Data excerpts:

########

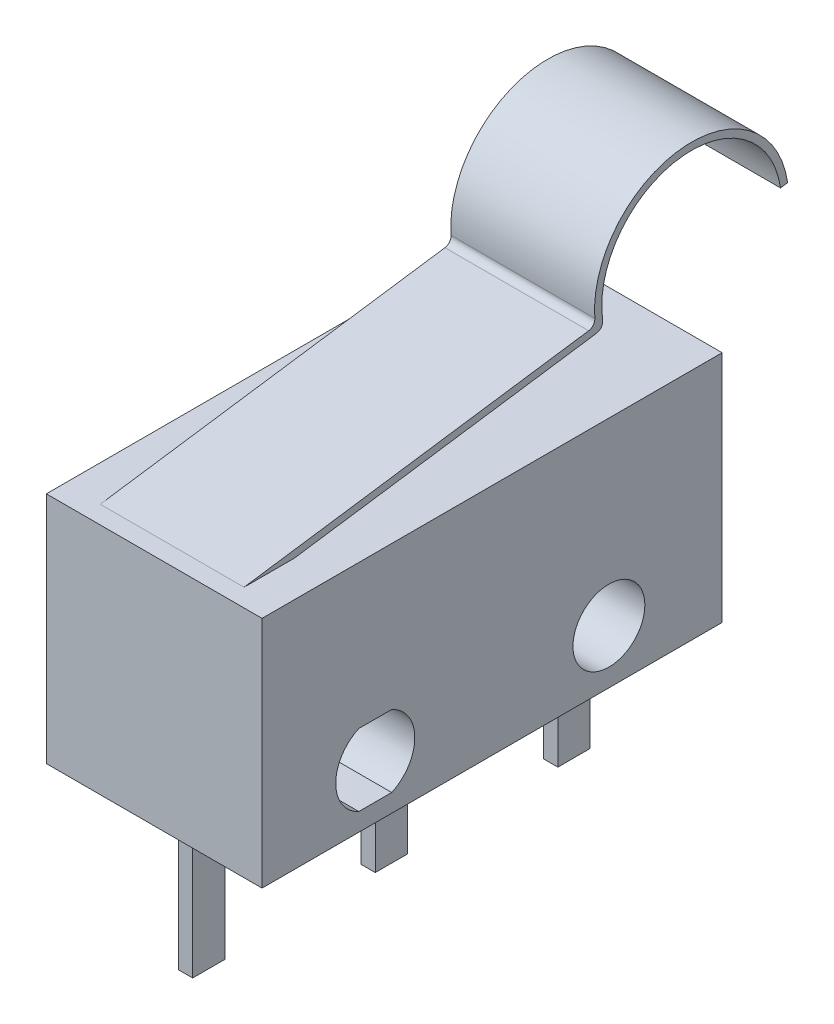
ISO-10303-21;
HEADER;
FILE_DESCRIPTION(('STEP AP214'),'2;1');
FILE_NAME('part.step','',(''),(''),'','','');
FILE_SCHEMA(('AUTOMOTIVE_DESIGN { 1 0 10303 214 1 1 1 1 }'));
ENDSEC;
DATA;
#1=APPLICATION_CONTEXT('core data for automotive mechanical design processes');
#2=APPLICATION_PROTOCOL_DEFINITION('international standard','automotive_design',2000,#1);
#3=PRODUCT_CONTEXT('',#1,'mechanical');
#4=PRODUCT('Part','Part','',(#3));
#5=PRODUCT_RELATED_PRODUCT_CATEGORY('part','',(#4));
#6=PRODUCT_DEFINITION_FORMATION('','',#4);
#7=PRODUCT_DEFINITION_CONTEXT('part definition',#1,'design');
#8=PRODUCT_DEFINITION('design','',#6,#7);
#9=PRODUCT_DEFINITION_SHAPE('','',#8);
#10=(LENGTH_UNIT() NAMED_UNIT(*) SI_UNIT(.MILLI.,.METRE.));
#11=(NAMED_UNIT(*) PLANE_ANGLE_UNIT() SI_UNIT($,.RADIAN.));
#12=(NAMED_UNIT(*) SI_UNIT($,.STERADIAN.) SOLID_ANGLE_UNIT());
#13=UNCERTAINTY_MEASURE_WITH_UNIT(LENGTH_MEASURE(1.E-05),#10,'distance_accuracy_value','');
#14=(GEOMETRIC_REPRESENTATION_CONTEXT(3) GLOBAL_UNCERTAINTY_ASSIGNED_CONTEXT((#13)) GLOBAL_UNIT_ASSIGNED_CONTEXT((#10,
#11,#12)) REPRESENTATION_CONTEXT('',''));
#15=CARTESIAN_POINT('',(0.,0.,0.));
#16=DIRECTION('',(0.,0.,1.));
#17=DIRECTION('',(1.,0.,0.));
#18=AXIS2_PLACEMENT_3D('',#15,#16,#17);
#19=CARTESIAN_POINT('',(3.,3.25,-6.4));
#20=DIRECTION('',(0.,-1.,0.));
#21=DIRECTION('',(0.,0.,-1.));
#22=AXIS2_PLACEMENT_3D('',#19,#20,#21);
#23=PLANE('',#22);
#24=DIRECTION('',(-1.,0.,0.));
#25=VECTOR('',#24,1.);
#26=CARTESIAN_POINT('',(0.5,3.25,1.82));
#27=LINE('',#26,#25);
#28=CARTESIAN_POINT('',(0.5,3.25,1.82));
#29=VERTEX_POINT('',#28);
#30=CARTESIAN_POINT('',(-0.5,3.25,1.82));
#31=VERTEX_POINT('',#30);
#32=EDGE_CURVE('E56',#29,#31,#27,.T.);
#33=ORIENTED_EDGE('',*,*,#32,.F.);
#34=DIRECTION('',(0.,0.,-1.));
#35=VECTOR('',#34,1.);
#36=CARTESIAN_POINT('',(0.5,3.25,2.48));
#37=LINE('',#36,#35);
#38=CARTESIAN_POINT('',(0.5,3.25,2.48));
#39=VERTEX_POINT('',#38);
#40=EDGE_CURVE('E51',#39,#29,#37,.T.);
#41=ORIENTED_EDGE('',*,*,#40,.F.);
#42=DIRECTION('',(-1.,0.,0.));
#43=VECTOR('',#42,1.);
#44=CARTESIAN_POINT('',(0.5,3.25,2.48));
#45=LINE('',#44,#43);
#46=CARTESIAN_POINT('',(-0.5,3.25,2.48));
#47=VERTEX_POINT('',#46);
#48=EDGE_CURVE('E228',#39,#47,#45,.T.);
#49=ORIENTED_EDGE('',*,*,#48,.T.);
#50=DIRECTION('',(0.,0.,-1.));
#51=VECTOR('',#50,1.);
#52=CARTESIAN_POINT('',(-0.5,3.25,2.48));
#53=LINE('',#52,#51);
#54=EDGE_CURVE('E231',#47,#31,#53,.T.);
#55=ORIENTED_EDGE('',*,*,#54,.T.);
#56=EDGE_LOOP('',(#33,#41,#49,#55));
#57=FACE_BOUND('',#56,.T.);
#58=DIRECTION('',(0.,0.,1.));
#59=VECTOR('',#58,1.);
#60=CARTESIAN_POINT('',(-3.,3.25,-6.4));
#61=LINE('',#60,#59);
#62=CARTESIAN_POINT('',(-3.,3.25,-6.4));
#63=VERTEX_POINT('',#62);
#64=CARTESIAN_POINT('',(-3.,3.25,6.4));
#65=VERTEX_POINT('',#64);
#66=EDGE_CURVE('E423',#63,#65,#61,.T.);
#67=ORIENTED_EDGE('',*,*,#66,.T.);
#68=DIRECTION('',(-1.,0.,0.));
#69=VECTOR('',#68,1.);
#70=CARTESIAN_POINT('',(3.,3.25,6.4));
#71=LINE('',#70,#69);
#72=CARTESIAN_POINT('',(3.,3.25,6.4));
#73=VERTEX_POINT('',#72);
#74=EDGE_CURVE('E429',#73,#65,#71,.T.);
#75=ORIENTED_EDGE('',*,*,#74,.F.);
#76=DIRECTION('',(0.,0.,1.));
#77=VECTOR('',#76,1.);
#78=CARTESIAN_POINT('',(3.,3.25,-6.4));
#79=LINE('',#78,#77);
#80=CARTESIAN_POINT('',(3.,3.25,-6.4));
#81=VERTEX_POINT('',#80);
#82=EDGE_CURVE('E427',#81,#73,#79,.T.);
#83=ORIENTED_EDGE('',*,*,#82,.F.);
#84=DIRECTION('',(-1.,0.,0.));
#85=VECTOR('',#84,1.);
#86=CARTESIAN_POINT('',(3.,3.25,-6.4));
#87=LINE('',#86,#85);
#88=EDGE_CURVE('E439',#81,#63,#87,.T.);
#89=ORIENTED_EDGE('',*,*,#88,.T.);
#90=EDGE_LOOP('',(#67,#75,#83,#89));
#91=FACE_BOUND('',#90,.T.);
#92=DIRECTION('',(0.,0.,-1.));
#93=VECTOR('',#92,1.);
#94=CARTESIAN_POINT('',(2.,3.25,4.5022836084845));
#95=LINE('',#94,#93);
#96=CARTESIAN_POINT('',(2.,3.25,5.9));
#97=VERTEX_POINT('',#96);
#98=CARTESIAN_POINT('',(2.,3.25,4.5022836084845));
#99=VERTEX_POINT('',#98);
#100=EDGE_CURVE('E249',#97,#99,#95,.T.);
#101=ORIENTED_EDGE('',*,*,#100,.F.);
#102=DIRECTION('',(-1.,0.,0.));
#103=VECTOR('',#102,1.);
#104=CARTESIAN_POINT('',(2.,3.25,5.9));
#105=LINE('',#104,#103);
#106=CARTESIAN_POINT('',(-2.,3.25,5.9));
#107=VERTEX_POINT('',#106);
#108=EDGE_CURVE('E265',#97,#107,#105,.T.);
#109=ORIENTED_EDGE('',*,*,#108,.T.);
#110=DIRECTION('',(0.,0.,-1.));
#111=VECTOR('',#110,1.);
#112=CARTESIAN_POINT('',(-2.,3.25,4.5022836084845));
#113=LINE('',#112,#111);
#114=CARTESIAN_POINT('',(-2.,3.25,4.5022836084845));
#115=VERTEX_POINT('',#114);
#116=EDGE_CURVE('E235',#107,#115,#113,.T.);
#117=ORIENTED_EDGE('',*,*,#116,.T.);
#118=DIRECTION('',(-1.,0.,0.));
#119=VECTOR('',#118,1.);
#120=CARTESIAN_POINT('',(2.,3.25,4.5022836084845));
#121=LINE('',#120,#119);
#122=EDGE_CURVE('E287',#99,#115,#121,.T.);
#123=ORIENTED_EDGE('',*,*,#122,.F.);
#124=EDGE_LOOP('',(#101,#109,#117,#123));
#125=FACE_BOUND('',#124,.T.);
#126=ADVANCED_FACE('F36',(#57,#91,#125),#23,.F.);
#127=CARTESIAN_POINT('',(3.,-3.25,-6.4));
#128=DIRECTION('',(0.,1.,0.));
#129=DIRECTION('',(0.,0.,1.));
#130=AXIS2_PLACEMENT_3D('',#127,#128,#129);
#131=PLANE('',#130);
#132=DIRECTION('',(-1.,0.,0.));
#133=VECTOR('',#132,1.);
#134=CARTESIAN_POINT('',(0.2,-3.25,-4.63));
#135=LINE('',#134,#133);
#136=CARTESIAN_POINT('',(0.2,-3.25,-4.63));
#137=VERTEX_POINT('',#136);
#138=CARTESIAN_POINT('',(-0.2,-3.25,-4.63));
#139=VERTEX_POINT('',#138);
#140=EDGE_CURVE('E302',#137,#139,#135,.T.);
#141=ORIENTED_EDGE('',*,*,#140,.F.);
#142=DIRECTION('',(0.,0.,1.));
#143=VECTOR('',#142,1.);
#144=CARTESIAN_POINT('',(0.2,-3.25,-4.63));
#145=LINE('',#144,#143);
#146=CARTESIAN_POINT('',(0.2,-3.25,-5.53));
#147=VERTEX_POINT('',#146);
#148=EDGE_CURVE('E299',#147,#137,#145,.T.);
#149=ORIENTED_EDGE('',*,*,#148,.F.);
#150=DIRECTION('',(-1.,0.,0.));
#151=VECTOR('',#150,1.);
#152=CARTESIAN_POINT('',(0.2,-3.25,-5.53));
#153=LINE('',#152,#151);
#154=CARTESIAN_POINT('',(-0.2,-3.25,-5.53));
#155=VERTEX_POINT('',#154);
#156=EDGE_CURVE('E313',#147,#155,#153,.T.);
#157=ORIENTED_EDGE('',*,*,#156,.T.);
#158=DIRECTION('',(0.,0.,1.));
#159=VECTOR('',#158,1.);
#160=CARTESIAN_POINT('',(-0.2,-3.25,-4.63));
#161=LINE('',#160,#159);
#162=EDGE_CURVE('E294',#155,#139,#161,.T.);
#163=ORIENTED_EDGE('',*,*,#162,.T.);
#164=EDGE_LOOP('',(#141,#149,#157,#163));
#165=FACE_BOUND('',#164,.T.);
#166=DIRECTION('',(0.,0.,-1.));
#167=VECTOR('',#166,1.);
#168=CARTESIAN_POINT('',(-3.,-3.25,-6.4));
#169=LINE('',#168,#167);
#170=CARTESIAN_POINT('',(-3.,-3.25,6.4));
#171=VERTEX_POINT('',#170);
#172=CARTESIAN_POINT('',(-3.,-3.25,-6.4));
#173=VERTEX_POINT('',#172);
#174=EDGE_CURVE('E432',#171,#173,#169,.T.);
#175=ORIENTED_EDGE('',*,*,#174,.T.);
#176=DIRECTION('',(-1.,0.,0.));
#177=VECTOR('',#176,1.);
#178=CARTESIAN_POINT('',(3.,-3.25,-6.4));
#179=LINE('',#178,#177);
#180=CARTESIAN_POINT('',(3.,-3.25,-6.4));
#181=VERTEX_POINT('',#180);
#182=EDGE_CURVE('E442',#181,#173,#179,.T.);
#183=ORIENTED_EDGE('',*,*,#182,.F.);
#184=DIRECTION('',(0.,0.,-1.));
#185=VECTOR('',#184,1.);
#186=CARTESIAN_POINT('',(3.,-3.25,-6.4));
#187=LINE('',#186,#185);
#188=CARTESIAN_POINT('',(3.,-3.25,6.4));
#189=VERTEX_POINT('',#188);
#190=EDGE_CURVE('E422',#189,#181,#187,.T.);
#191=ORIENTED_EDGE('',*,*,#190,.F.);
#192=DIRECTION('',(-1.,0.,0.));
#193=VECTOR('',#192,1.);
#194=CARTESIAN_POINT('',(3.,-3.25,6.4));
#195=LINE('',#194,#193);
#196=EDGE_CURVE('E445',#189,#171,#195,.T.);
#197=ORIENTED_EDGE('',*,*,#196,.T.);
#198=EDGE_LOOP('',(#175,#183,#191,#197));
#199=FACE_BOUND('',#198,.T.);
#200=DIRECTION('',(-1.,0.,0.));
#201=VECTOR('',#200,1.);
#202=CARTESIAN_POINT('',(0.2,-3.25,5.53));
#203=LINE('',#202,#201);
#204=CARTESIAN_POINT('',(0.2,-3.25,5.53));
#205=VERTEX_POINT('',#204);
#206=CARTESIAN_POINT('',(-0.2,-3.25,5.53));
#207=VERTEX_POINT('',#206);
#208=EDGE_CURVE('E378',#205,#207,#203,.T.);
#209=ORIENTED_EDGE('',*,*,#208,.F.);
#210=DIRECTION('',(0.,0.,1.));
#211=VECTOR('',#210,1.);
#212=CARTESIAN_POINT('',(0.2,-3.25,4.63));
#213=LINE('',#212,#211);
#214=CARTESIAN_POINT('',(0.2,-3.25,4.63));
#215=VERTEX_POINT('',#214);
#216=EDGE_CURVE('E352',#215,#205,#213,.T.);
#217=ORIENTED_EDGE('',*,*,#216,.F.);
#218=DIRECTION('',(-1.,0.,0.));
#219=VECTOR('',#218,1.);
#220=CARTESIAN_POINT('',(0.2,-3.25,4.63));
#221=LINE('',#220,#219);
#222=CARTESIAN_POINT('',(-0.2,-3.25,4.63));
#223=VERTEX_POINT('',#222);
#224=EDGE_CURVE('E363',#215,#223,#221,.T.);
#225=ORIENTED_EDGE('',*,*,#224,.T.);
#226=DIRECTION('',(0.,0.,1.));
#227=VECTOR('',#226,1.);
#228=CARTESIAN_POINT('',(-0.2,-3.25,4.63));
#229=LINE('',#228,#227);
#230=EDGE_CURVE('E351',#223,#207,#229,.T.);
#231=ORIENTED_EDGE('',*,*,#230,.T.);
#232=EDGE_LOOP('',(#209,#217,#225,#231));
#233=FACE_BOUND('',#232,.T.);
#234=DIRECTION('',(0.,0.,1.));
#235=VECTOR('',#234,1.);
#236=CARTESIAN_POINT('',(0.2,-3.25,-0.45));
#237=LINE('',#236,#235);
#238=CARTESIAN_POINT('',(0.2,-3.25,-0.45));
#239=VERTEX_POINT('',#238);
#240=CARTESIAN_POINT('',(0.2,-3.25,0.45));
#241=VERTEX_POINT('',#240);
#242=EDGE_CURVE('E324',#239,#241,#237,.T.);
#243=ORIENTED_EDGE('',*,*,#242,.F.);
#244=DIRECTION('',(-1.,0.,0.));
#245=VECTOR('',#244,1.);
#246=CARTESIAN_POINT('',(0.2,-3.25,-0.45));
#247=LINE('',#246,#245);
#248=CARTESIAN_POINT('',(-0.2,-3.25,-0.45));
#249=VERTEX_POINT('',#248);
#250=EDGE_CURVE('E348',#239,#249,#247,.T.);
#251=ORIENTED_EDGE('',*,*,#250,.T.);
#252=DIRECTION('',(0.,0.,1.));
#253=VECTOR('',#252,1.);
#254=CARTESIAN_POINT('',(-0.2,-3.25,-0.45));
#255=LINE('',#254,#253);
#256=CARTESIAN_POINT('',(-0.2,-3.25,0.450000000000001));
#257=VERTEX_POINT('',#256);
#258=EDGE_CURVE('E334',#249,#257,#255,.T.);
#259=ORIENTED_EDGE('',*,*,#258,.T.);
#260=DIRECTION('',(-1.,0.,0.));
#261=VECTOR('',#260,1.);
#262=CARTESIAN_POINT('',(0.2,-3.25,0.45));
#263=LINE('',#262,#261);
#264=EDGE_CURVE('E345',#241,#257,#263,.T.);
#265=ORIENTED_EDGE('',*,*,#264,.F.);
#266=EDGE_LOOP('',(#243,#251,#259,#265));
#267=FACE_BOUND('',#266,.T.);
#268=ADVANCED_FACE('F509',(#165,#199,#233,#267),#131,.F.);
#269=CARTESIAN_POINT('',(3.,0.,0.));
#270=DIRECTION('',(-1.,0.,0.));
#271=DIRECTION('',(0.,0.,1.));
#272=AXIS2_PLACEMENT_3D('',#269,#270,#271);
#273=PLANE('',#272);
#274=CARTESIAN_POINT('',(3.,-1.75,-3.25));
#275=DIRECTION('',(1.,0.,0.));
#276=DIRECTION('',(0.,0.,-1.));
#277=AXIS2_PLACEMENT_3D('',#274,#275,#276);
#278=CIRCLE('',#277,0.999999999999999);
#279=CARTESIAN_POINT('',(3.,-1.75,-4.25));
#280=VERTEX_POINT('',#279);
#281=EDGE_CURVE('E413',#280,#280,#278,.T.);
#282=ORIENTED_EDGE('',*,*,#281,.F.);
#283=EDGE_LOOP('',(#282));
#284=FACE_BOUND('',#283,.T.);
#285=DIRECTION('',(0.,-1.,0.));
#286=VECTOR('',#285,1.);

########

▸ **Required work**: Give the exact lines, and only those, from the line containing "#62=CARTESIAN_POINT('',(-3.,3.25,-6.4));" through the line containing "#99=VERTEX_POINT('',#98);" in the entries above.

▸ **Problem solution**:
#62=CARTESIAN_POINT('',(-3.,3.25,-6.4));
#63=VERTEX_POINT('',#62);
#64=CARTESIAN_POINT('',(-3.,3.25,6.4));
#65=VERTEX_POINT('',#64);
#66=EDGE_CURVE('E423',#63,#65,#61,.T.);
#67=ORIENTED_EDGE('',*,*,#66,.T.);
#68=DIRECTION('',(-1.,0.,0.));
#69=VECTOR('',#68,1.);
#70=CARTESIAN_POINT('',(3.,3.25,6.4));
#71=LINE('',#70,#69);
#72=CARTESIAN_POINT('',(3.,3.25,6.4));
#73=VERTEX_POINT('',#72);
#74=EDGE_CURVE('E429',#73,#65,#71,.T.);
#75=ORIENTED_EDGE('',*,*,#74,.F.);
#76=DIRECTION('',(0.,0.,1.));
#77=VECTOR('',#76,1.);
#78=CARTESIAN_POINT('',(3.,3.25,-6.4));
#79=LINE('',#78,#77);
#80=CARTESIAN_POINT('',(3.,3.25,-6.4));
#81=VERTEX_POINT('',#80);
#82=EDGE_CURVE('E427',#81,#73,#79,.T.);
#83=ORIENTED_EDGE('',*,*,#82,.F.);
#84=DIRECTION('',(-1.,0.,0.));
#85=VECTOR('',#84,1.);
#86=CARTESIAN_POINT('',(3.,3.25,-6.4));
#87=LINE('',#86,#85);
#88=EDGE_CURVE('E439',#81,#63,#87,.T.);
#89=ORIENTED_EDGE('',*,*,#88,.T.);
#90=EDGE_LOOP('',(#67,#75,#83,#89));
#91=FACE_BOUND('',#90,.T.);
#92=DIRECTION('',(0.,0.,-1.));
#93=VECTOR('',#92,1.);
#94=CARTESIAN_POINT('',(2.,3.25,4.5022836084845));
#95=LINE('',#94,#93);
#96=CARTESIAN_POINT('',(2.,3.25,5.9));
#97=VERTEX_POINT('',#96);
#98=CARTESIAN_POINT('',(2.,3.25,4.5022836084845));
#99=VERTEX_POINT('',#98);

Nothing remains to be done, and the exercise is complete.